Depression Worse Medication

First Posted: 12/08/2011 4:14 pm Updated: 02/08/2012 4:12 am

By Genevra Pittman

NEW YORK (Reuters Health) - According to a new look at past antidepressant trials, up to a fifth of patients on Cymbalta and similar medications may actually do worse than those given drug-free placebo pills.

Researchers found that patients' symptoms over the first couple months of antidepressant use separated them into "responders," who got progressively better, and "non-responders," who didn't improve with treatment but may still have suffered side effects.

However, "It's difficult to say a priori who will be in which group," Ralitza Gueorguieva, the study's lead author from the Yale University School of Medicine in New Haven, told Reuters Health.

The findings highlight the importance of identifying as soon as possible which patients will and won't respond to certain drugs, her team said.

The researchers combined data from seven studies that randomly assigned patients to receive Eli Lilly's drug Cymbalta (known generically as duloxetine), other antidepressants, or a placebo pill for two months. Those trials involved a total of about 2,500 people with major depression.

People getting the placebo tended to report small, gradual improvements in depression symptoms. On the other hand, those on Cymbalta or another antidepressant fell into one of two categories: most had steeper, steady improvements in depression symptoms, but a sizeable chunk didn't seem to get any better.

About four in five patients on all antidepressants were responders. For Cymbalta in particular, about 84 percent of patients improved and 16 percent did not.

Medication responders saw significantly bigger improvements in their depression symptoms than patients assigned to the placebo. Non-responders, however, did worse.

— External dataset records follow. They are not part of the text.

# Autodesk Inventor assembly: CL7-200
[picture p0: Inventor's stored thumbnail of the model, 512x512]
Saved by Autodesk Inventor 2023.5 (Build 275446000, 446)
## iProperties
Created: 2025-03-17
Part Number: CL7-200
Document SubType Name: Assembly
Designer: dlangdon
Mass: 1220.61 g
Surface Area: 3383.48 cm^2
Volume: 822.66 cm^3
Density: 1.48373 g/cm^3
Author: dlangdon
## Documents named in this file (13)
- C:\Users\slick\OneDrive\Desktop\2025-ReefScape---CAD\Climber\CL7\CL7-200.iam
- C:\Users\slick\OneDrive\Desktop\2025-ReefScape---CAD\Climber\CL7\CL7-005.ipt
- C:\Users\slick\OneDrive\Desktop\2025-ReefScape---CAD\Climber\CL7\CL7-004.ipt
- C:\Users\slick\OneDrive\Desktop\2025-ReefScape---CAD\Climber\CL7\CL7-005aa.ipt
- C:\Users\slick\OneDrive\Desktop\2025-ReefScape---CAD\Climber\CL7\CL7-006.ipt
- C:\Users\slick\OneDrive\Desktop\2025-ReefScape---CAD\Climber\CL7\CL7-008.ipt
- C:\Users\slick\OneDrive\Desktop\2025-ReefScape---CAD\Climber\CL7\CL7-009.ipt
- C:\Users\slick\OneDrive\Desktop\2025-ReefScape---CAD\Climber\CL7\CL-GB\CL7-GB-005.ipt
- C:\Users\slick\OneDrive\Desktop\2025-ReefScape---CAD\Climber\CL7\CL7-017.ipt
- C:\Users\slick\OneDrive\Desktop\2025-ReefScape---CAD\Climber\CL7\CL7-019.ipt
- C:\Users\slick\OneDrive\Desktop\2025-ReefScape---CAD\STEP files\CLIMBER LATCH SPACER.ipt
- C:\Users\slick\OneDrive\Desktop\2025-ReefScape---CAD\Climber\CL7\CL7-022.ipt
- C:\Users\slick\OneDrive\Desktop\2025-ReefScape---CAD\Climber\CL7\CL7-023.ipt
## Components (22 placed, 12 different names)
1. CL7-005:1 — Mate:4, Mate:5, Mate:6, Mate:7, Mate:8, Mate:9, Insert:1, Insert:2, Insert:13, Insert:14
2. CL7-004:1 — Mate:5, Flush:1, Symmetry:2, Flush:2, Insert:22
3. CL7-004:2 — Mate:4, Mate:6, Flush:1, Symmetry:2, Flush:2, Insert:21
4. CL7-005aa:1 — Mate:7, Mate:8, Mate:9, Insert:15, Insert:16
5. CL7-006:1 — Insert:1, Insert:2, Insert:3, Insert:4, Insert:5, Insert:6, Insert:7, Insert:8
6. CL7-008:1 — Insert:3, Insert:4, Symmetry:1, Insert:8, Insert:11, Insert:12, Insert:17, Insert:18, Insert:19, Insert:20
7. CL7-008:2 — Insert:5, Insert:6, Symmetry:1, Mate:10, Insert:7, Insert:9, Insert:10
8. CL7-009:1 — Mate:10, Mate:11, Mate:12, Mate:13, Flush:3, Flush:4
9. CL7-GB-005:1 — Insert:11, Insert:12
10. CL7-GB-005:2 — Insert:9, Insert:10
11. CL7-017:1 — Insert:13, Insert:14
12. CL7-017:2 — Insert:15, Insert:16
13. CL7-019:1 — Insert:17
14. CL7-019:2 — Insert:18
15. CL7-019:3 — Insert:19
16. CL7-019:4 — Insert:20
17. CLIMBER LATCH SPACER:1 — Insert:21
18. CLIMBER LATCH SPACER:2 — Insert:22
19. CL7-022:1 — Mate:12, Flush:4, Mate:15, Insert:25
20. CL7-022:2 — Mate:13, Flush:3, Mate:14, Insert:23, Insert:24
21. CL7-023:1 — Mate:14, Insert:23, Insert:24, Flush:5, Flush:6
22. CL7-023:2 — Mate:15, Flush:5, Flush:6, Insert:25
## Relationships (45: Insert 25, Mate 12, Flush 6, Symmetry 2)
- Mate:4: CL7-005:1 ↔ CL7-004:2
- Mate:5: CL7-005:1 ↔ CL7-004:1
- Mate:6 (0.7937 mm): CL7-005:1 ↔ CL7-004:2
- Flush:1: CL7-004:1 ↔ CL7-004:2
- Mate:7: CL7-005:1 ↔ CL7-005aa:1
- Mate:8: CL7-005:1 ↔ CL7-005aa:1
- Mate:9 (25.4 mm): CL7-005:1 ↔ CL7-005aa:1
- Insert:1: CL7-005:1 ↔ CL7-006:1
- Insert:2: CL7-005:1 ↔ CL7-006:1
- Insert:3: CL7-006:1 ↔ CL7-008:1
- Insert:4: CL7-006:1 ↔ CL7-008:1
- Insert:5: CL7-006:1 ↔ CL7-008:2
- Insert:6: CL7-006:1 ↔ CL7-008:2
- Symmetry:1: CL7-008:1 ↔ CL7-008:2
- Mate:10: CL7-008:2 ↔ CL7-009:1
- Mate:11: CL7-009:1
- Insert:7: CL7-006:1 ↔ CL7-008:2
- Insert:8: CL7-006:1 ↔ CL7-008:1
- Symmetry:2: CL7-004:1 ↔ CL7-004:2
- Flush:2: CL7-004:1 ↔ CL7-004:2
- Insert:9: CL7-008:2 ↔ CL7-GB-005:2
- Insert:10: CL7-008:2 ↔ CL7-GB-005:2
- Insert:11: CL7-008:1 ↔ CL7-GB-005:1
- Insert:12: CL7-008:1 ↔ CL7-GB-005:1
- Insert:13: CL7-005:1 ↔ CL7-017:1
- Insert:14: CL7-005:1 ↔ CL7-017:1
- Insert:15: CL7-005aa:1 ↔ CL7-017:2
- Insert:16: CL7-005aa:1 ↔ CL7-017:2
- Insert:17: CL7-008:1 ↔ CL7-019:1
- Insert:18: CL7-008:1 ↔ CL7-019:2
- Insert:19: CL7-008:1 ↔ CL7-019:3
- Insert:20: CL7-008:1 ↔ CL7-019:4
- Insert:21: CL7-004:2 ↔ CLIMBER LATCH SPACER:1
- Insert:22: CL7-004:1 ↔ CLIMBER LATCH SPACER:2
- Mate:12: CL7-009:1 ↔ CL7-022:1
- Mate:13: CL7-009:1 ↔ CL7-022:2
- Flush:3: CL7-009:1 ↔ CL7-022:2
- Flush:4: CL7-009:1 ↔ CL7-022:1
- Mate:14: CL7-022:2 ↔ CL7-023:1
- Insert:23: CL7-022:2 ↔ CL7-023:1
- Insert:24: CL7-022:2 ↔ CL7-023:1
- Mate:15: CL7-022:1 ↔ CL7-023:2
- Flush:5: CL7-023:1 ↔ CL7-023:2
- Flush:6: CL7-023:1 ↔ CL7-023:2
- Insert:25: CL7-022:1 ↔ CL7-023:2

Differences between antidepressant responders and non-responders were seen as early as a week or two into treatment, and the researchers wrote in their Archives of General Psychiatry report that initial improvements seem to predict who will have a better outcome on Cymbalta, along with the other drugs.

"You know within the first couple weeks of starting a treatment who's the most likely to benefit because they're already starting to show improvement," said Dr. Michael Thase, a psychiatrist from the University of Pennsylvania Perelman School of Medicine who wasn't involved in the new study.

"The first few weeks are revealing, and obviously if the patient's getting worse instead of better, I would use that as a strong indicator that this particular treatment isn't likely to work," he told Reuters Health.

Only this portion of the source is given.